Goal of the exercise: The answer must be every line from the entries below that includes "centre".
── Supplied entries
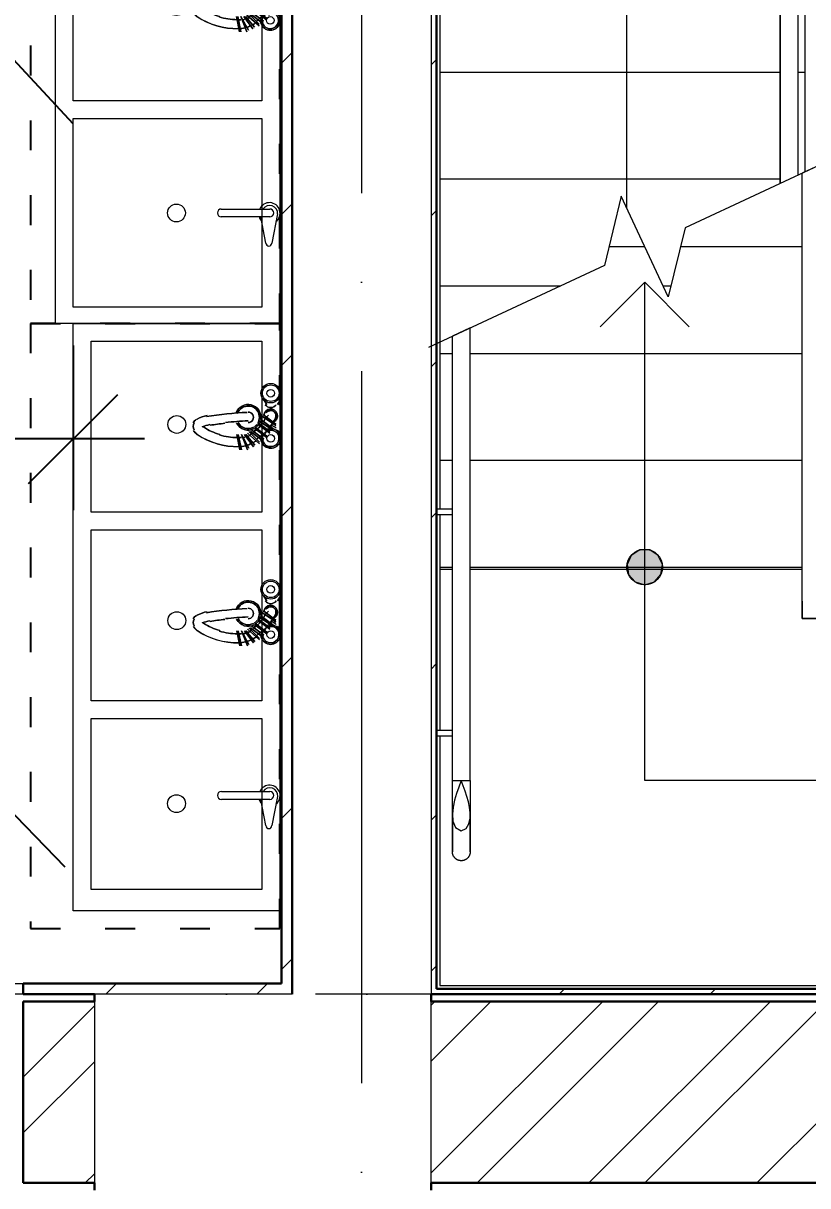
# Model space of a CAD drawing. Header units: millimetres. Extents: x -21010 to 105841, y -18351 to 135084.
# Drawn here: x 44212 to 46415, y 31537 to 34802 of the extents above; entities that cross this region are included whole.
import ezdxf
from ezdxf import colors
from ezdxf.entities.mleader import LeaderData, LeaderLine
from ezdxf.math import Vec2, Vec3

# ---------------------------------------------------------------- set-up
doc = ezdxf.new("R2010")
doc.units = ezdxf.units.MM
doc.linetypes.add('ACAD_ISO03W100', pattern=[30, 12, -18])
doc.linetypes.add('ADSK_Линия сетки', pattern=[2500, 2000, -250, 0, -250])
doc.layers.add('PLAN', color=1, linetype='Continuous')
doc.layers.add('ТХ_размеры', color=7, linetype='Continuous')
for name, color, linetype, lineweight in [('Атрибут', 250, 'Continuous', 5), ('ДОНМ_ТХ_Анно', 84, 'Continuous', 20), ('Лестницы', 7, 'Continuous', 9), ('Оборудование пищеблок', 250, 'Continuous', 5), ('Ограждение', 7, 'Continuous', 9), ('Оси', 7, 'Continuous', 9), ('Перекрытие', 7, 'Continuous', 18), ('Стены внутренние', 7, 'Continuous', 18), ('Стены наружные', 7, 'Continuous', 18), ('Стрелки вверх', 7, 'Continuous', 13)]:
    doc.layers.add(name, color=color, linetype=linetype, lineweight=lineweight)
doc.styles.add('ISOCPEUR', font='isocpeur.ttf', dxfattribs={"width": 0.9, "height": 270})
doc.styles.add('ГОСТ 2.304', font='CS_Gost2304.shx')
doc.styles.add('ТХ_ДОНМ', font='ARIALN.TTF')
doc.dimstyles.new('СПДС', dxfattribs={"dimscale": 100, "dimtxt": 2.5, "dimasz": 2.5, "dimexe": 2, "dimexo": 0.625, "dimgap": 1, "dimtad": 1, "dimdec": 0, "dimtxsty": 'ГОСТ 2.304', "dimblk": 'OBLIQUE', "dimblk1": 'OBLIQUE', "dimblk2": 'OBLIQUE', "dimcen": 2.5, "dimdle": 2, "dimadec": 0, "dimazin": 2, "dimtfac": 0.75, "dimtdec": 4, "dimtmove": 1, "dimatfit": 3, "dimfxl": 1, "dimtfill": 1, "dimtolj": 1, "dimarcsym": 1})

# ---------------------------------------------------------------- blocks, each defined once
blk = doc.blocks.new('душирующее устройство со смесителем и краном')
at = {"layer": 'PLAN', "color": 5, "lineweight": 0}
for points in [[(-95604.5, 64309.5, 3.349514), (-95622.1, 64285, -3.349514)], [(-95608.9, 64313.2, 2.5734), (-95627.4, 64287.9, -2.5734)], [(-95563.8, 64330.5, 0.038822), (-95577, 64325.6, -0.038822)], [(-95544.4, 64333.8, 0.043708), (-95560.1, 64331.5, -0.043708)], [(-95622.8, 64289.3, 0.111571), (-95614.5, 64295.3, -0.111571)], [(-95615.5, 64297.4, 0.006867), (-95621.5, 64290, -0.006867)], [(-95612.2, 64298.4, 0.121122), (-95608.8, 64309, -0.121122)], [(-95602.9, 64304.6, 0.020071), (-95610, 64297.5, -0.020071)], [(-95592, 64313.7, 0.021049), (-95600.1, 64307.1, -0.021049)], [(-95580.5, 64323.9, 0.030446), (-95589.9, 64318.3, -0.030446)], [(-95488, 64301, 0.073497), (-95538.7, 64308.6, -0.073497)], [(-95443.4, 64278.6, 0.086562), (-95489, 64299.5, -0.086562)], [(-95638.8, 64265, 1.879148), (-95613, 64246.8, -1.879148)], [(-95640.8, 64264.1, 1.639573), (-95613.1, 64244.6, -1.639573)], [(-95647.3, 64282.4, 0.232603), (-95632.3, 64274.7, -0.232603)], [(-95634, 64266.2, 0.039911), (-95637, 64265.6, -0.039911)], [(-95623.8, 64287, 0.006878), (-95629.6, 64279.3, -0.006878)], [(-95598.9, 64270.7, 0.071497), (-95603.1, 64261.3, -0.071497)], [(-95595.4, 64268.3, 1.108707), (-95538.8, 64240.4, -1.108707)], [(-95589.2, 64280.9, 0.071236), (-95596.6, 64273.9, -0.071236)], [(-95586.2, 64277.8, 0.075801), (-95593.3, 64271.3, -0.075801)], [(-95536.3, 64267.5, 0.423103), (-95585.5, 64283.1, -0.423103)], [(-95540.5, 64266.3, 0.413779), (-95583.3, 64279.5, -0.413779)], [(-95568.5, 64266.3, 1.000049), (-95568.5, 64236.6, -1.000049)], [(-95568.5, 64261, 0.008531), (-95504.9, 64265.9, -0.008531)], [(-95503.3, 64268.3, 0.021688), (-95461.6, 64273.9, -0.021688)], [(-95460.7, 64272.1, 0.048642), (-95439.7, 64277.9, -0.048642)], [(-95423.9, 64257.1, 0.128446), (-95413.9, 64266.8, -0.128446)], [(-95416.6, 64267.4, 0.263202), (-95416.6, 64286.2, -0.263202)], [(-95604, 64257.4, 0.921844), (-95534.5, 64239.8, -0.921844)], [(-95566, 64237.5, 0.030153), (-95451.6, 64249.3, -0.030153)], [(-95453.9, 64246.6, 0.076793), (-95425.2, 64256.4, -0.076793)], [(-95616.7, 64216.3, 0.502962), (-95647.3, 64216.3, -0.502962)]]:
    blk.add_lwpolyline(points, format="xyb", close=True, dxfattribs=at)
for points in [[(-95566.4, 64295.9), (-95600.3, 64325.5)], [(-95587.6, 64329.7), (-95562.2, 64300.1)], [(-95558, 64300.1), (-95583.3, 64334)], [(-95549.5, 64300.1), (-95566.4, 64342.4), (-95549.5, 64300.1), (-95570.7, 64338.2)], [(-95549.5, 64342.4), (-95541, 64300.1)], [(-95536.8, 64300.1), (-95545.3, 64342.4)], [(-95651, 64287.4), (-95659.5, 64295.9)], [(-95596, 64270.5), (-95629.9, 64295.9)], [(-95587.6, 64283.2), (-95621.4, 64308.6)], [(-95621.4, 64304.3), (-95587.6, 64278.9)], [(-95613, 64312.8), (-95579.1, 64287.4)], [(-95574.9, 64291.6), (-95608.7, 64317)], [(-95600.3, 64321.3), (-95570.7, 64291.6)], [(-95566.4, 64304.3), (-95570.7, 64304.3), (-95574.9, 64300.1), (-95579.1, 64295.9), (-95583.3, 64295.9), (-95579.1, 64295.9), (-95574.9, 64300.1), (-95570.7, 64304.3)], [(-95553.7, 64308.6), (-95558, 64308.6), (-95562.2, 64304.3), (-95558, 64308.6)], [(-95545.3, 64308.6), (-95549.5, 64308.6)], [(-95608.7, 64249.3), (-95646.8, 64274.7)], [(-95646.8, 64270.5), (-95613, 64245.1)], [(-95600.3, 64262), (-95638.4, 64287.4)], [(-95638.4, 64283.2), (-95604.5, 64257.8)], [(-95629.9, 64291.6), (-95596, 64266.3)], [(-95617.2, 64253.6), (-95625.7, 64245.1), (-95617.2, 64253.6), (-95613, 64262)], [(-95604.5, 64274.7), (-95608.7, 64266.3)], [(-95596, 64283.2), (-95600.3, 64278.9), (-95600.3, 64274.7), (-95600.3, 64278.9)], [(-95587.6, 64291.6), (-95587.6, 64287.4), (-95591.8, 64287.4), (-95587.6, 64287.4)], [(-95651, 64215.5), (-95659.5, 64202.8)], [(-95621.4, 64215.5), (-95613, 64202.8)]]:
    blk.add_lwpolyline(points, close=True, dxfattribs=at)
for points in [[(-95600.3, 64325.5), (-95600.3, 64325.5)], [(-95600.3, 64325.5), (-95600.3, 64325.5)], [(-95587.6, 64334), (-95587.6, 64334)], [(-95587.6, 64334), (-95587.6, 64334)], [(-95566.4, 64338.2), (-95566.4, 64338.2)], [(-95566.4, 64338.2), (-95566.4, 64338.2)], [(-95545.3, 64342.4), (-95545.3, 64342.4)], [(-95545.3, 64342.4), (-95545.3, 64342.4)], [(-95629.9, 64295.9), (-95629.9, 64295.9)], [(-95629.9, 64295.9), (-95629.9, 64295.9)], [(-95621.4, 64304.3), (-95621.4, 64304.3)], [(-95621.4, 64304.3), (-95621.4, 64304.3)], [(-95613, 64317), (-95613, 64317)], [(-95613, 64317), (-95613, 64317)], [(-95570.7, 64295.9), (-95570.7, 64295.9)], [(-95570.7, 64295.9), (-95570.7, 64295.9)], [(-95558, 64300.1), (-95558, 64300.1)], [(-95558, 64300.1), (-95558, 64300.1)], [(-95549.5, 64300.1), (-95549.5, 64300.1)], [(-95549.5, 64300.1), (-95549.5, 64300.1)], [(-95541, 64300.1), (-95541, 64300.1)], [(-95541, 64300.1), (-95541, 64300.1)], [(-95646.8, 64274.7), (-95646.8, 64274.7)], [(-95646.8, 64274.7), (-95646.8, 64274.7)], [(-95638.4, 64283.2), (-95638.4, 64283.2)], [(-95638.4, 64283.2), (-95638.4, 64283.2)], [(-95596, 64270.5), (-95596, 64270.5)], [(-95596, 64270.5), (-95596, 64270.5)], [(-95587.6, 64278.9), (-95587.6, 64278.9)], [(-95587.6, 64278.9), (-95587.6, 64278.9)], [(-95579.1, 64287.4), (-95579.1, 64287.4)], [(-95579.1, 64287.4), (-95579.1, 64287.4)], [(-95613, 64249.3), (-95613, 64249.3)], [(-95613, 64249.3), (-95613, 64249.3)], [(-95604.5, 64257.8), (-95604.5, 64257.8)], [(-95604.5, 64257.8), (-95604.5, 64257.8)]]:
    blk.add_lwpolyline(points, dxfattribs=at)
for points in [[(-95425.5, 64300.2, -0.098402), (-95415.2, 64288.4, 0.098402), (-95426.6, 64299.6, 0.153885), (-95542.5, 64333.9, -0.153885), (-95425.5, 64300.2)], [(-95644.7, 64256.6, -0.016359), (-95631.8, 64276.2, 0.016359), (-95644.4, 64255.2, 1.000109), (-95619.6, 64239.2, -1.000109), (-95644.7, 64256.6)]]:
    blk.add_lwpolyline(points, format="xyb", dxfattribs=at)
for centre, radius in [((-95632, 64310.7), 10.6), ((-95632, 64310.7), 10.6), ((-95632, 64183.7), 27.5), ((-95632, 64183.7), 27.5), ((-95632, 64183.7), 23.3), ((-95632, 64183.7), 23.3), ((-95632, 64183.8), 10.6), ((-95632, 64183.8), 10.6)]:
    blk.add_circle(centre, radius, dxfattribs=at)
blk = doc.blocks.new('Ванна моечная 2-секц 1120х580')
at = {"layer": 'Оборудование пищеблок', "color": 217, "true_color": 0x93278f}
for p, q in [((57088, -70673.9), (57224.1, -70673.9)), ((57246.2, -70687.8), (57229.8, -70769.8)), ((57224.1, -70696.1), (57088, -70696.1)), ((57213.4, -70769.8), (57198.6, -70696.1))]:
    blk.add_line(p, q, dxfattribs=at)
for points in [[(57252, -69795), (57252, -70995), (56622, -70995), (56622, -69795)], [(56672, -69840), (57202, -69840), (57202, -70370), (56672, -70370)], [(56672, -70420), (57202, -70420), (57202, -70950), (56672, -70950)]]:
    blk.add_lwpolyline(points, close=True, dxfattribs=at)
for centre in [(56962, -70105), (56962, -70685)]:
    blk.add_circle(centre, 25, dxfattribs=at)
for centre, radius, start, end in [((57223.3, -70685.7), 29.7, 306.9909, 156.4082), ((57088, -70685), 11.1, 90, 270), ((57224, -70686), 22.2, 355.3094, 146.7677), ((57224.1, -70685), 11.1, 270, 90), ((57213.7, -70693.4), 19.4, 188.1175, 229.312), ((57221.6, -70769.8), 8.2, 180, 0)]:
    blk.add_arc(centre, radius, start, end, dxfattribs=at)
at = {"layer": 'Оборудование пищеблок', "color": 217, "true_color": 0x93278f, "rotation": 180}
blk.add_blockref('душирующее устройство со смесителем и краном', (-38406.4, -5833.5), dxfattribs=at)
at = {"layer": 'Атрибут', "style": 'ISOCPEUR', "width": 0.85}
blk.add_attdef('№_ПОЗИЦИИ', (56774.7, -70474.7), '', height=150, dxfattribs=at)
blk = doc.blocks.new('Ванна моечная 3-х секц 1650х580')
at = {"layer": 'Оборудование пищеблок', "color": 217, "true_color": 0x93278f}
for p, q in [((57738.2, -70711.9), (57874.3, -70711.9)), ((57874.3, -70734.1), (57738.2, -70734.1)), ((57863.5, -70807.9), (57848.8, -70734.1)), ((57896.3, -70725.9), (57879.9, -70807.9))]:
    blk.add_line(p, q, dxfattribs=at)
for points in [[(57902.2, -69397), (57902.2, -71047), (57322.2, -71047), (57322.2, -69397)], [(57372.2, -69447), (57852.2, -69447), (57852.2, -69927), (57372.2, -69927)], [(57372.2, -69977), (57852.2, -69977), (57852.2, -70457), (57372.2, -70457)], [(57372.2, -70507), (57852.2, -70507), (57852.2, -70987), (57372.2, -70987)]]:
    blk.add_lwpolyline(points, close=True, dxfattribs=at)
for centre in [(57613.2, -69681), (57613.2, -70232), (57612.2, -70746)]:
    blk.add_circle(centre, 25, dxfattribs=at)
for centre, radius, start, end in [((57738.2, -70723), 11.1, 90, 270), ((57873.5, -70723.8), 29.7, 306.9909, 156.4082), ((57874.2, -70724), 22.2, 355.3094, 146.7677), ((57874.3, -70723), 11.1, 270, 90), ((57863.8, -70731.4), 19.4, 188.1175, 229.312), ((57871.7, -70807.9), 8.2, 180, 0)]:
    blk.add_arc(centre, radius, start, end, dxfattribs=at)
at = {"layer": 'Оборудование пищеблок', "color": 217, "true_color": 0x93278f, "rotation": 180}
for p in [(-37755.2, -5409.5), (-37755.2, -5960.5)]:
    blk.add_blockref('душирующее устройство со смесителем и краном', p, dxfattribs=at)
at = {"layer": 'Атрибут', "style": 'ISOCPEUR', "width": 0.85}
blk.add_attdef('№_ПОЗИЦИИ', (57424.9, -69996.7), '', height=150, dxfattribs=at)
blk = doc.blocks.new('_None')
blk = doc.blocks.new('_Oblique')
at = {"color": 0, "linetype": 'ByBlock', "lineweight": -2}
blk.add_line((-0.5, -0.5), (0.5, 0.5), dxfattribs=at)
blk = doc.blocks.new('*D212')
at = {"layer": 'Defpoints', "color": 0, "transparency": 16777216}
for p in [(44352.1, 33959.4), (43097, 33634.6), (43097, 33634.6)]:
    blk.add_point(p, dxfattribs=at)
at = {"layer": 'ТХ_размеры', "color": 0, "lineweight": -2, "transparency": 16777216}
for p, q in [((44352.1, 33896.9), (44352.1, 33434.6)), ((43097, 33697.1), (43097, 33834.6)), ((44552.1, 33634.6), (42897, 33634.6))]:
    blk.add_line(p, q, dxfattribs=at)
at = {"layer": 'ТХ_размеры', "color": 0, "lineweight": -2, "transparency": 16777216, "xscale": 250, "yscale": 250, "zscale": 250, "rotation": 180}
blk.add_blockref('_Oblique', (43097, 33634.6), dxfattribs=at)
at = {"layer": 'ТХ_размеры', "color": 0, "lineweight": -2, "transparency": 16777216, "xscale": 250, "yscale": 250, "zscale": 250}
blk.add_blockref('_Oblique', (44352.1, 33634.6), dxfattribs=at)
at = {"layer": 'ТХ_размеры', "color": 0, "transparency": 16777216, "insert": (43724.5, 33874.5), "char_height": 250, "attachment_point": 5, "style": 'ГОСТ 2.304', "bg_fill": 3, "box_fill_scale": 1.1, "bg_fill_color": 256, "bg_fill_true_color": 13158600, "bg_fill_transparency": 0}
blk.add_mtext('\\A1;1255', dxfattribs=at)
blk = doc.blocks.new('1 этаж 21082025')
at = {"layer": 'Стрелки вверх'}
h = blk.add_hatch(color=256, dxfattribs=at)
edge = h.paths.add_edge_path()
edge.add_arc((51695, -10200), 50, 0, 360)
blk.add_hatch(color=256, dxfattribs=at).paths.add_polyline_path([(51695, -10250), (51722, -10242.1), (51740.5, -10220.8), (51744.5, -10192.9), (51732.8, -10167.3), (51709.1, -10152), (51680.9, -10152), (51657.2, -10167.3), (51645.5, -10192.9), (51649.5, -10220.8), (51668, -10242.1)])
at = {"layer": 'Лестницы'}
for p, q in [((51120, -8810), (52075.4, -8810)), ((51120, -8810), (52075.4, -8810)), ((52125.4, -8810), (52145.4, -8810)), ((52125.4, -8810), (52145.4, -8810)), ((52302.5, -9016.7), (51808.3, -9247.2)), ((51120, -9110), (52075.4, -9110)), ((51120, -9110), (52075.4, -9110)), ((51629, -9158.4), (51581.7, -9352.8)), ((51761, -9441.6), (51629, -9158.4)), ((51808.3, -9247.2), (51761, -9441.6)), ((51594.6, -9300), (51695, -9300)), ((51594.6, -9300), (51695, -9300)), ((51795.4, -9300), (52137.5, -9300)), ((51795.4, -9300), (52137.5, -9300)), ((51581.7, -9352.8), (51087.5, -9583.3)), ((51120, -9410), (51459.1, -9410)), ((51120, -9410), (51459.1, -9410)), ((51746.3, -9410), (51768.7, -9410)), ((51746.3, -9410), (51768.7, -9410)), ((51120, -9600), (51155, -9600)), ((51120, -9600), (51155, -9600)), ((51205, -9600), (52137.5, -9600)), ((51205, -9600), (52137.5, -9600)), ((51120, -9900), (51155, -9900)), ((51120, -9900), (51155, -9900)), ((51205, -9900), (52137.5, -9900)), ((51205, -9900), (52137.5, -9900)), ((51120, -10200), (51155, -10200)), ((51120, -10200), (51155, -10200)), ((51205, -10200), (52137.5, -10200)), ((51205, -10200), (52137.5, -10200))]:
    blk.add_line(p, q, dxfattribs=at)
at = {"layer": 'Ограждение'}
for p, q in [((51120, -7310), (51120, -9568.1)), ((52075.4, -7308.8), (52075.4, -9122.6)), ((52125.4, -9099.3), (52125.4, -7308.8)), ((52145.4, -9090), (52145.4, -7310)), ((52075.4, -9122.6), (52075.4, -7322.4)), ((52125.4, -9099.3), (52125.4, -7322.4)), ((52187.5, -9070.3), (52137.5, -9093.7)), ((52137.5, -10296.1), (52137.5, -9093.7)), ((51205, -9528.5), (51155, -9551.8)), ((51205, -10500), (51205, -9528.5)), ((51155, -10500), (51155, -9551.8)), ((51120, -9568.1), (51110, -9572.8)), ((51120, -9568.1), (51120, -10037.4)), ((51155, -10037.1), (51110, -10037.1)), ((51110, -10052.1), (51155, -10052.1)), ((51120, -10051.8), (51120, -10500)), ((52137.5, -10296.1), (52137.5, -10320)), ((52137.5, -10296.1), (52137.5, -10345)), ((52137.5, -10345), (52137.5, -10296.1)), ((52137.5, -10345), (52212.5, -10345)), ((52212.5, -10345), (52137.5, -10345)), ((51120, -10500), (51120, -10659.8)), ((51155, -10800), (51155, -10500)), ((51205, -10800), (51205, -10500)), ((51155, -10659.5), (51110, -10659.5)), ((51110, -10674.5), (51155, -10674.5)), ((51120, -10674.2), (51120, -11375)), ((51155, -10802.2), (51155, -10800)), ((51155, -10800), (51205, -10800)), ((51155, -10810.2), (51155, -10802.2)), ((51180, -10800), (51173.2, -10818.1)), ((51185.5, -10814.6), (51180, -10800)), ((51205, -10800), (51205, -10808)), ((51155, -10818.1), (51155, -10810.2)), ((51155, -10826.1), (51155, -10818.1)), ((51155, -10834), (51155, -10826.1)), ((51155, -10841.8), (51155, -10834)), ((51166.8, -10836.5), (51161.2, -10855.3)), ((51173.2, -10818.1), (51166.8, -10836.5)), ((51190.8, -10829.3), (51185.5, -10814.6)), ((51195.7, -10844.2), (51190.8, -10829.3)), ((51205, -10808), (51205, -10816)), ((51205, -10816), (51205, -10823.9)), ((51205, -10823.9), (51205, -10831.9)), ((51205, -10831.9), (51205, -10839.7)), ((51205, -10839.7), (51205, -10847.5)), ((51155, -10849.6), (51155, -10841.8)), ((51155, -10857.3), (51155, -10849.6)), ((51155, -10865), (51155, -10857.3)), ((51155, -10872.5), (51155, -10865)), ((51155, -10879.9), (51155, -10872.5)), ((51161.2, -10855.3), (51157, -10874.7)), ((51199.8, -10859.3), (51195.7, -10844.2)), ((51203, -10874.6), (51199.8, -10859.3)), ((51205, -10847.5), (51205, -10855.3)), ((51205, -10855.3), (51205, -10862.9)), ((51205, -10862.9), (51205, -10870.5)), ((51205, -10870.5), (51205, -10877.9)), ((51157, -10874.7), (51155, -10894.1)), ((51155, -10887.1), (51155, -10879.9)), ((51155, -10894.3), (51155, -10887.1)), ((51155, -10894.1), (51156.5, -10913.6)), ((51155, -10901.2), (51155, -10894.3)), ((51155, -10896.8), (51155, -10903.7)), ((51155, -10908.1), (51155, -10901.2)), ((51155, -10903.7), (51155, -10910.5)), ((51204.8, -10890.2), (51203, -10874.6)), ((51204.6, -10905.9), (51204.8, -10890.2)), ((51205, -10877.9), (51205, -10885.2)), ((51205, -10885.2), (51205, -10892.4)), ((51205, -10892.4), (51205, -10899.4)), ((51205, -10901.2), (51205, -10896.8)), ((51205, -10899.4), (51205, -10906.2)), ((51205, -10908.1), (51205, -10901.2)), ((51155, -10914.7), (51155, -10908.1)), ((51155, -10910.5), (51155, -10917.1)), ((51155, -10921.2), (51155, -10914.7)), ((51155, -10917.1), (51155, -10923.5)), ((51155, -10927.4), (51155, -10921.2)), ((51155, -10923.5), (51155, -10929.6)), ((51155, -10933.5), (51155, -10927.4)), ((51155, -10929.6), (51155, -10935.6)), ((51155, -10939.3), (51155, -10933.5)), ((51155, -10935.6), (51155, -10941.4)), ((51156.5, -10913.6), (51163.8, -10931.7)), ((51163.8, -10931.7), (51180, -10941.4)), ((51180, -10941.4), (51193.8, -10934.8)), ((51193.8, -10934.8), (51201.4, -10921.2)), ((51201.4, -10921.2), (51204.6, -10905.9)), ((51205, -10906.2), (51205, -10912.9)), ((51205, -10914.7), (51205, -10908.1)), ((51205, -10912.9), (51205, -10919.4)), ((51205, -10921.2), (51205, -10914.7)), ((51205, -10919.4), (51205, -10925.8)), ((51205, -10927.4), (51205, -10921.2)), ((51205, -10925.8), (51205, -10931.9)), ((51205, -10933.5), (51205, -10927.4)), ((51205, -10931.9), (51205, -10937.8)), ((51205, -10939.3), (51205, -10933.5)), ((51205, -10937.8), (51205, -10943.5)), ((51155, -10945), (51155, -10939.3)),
────
Solution to this task:
for centre, radius in [((-95632, 64310.7), 10.6), ((-95632, 64310.7), 10.6), ((-95632, 64183.7), 27.5), ((-95632, 64183.7), 27.5), ((-95632, 64183.7), 23.3), ((-95632, 64183.7), 23.3), ((-95632, 64183.8), 10.6), ((-95632, 64183.8), 10.6)]:
    blk.add_circle(centre, radius, dxfattribs=at)
for centre in [(56962, -70105), (56962, -70685)]:
    blk.add_circle(centre, 25, dxfattribs=at)
for centre, radius, start, end in [((57223.3, -70685.7), 29.7, 306.9909, 156.4082), ((57088, -70685), 11.1, 90, 270), ((57224, -70686), 22.2, 355.3094, 146.7677), ((57224.1, -70685), 11.1, 270, 90), ((57213.7, -70693.4), 19.4, 188.1175, 229.312), ((57221.6, -70769.8), 8.2, 180, 0)]:
    blk.add_arc(centre, radius, start, end, dxfattribs=at)
for centre in [(57613.2, -69681), (57613.2, -70232), (57612.2, -70746)]:
    blk.add_circle(centre, 25, dxfattribs=at)
for centre, radius, start, end in [((57738.2, -70723), 11.1, 90, 270), ((57873.5, -70723.8), 29.7, 306.9909, 156.4082), ((57874.2, -70724), 22.2, 355.3094, 146.7677), ((57874.3, -70723), 11.1, 270, 90), ((57863.8, -70731.4), 19.4, 188.1175, 229.312), ((57871.7, -70807.9), 8.2, 180, 0)]:
    blk.add_arc(centre, radius, start, end, dxfattribs=at)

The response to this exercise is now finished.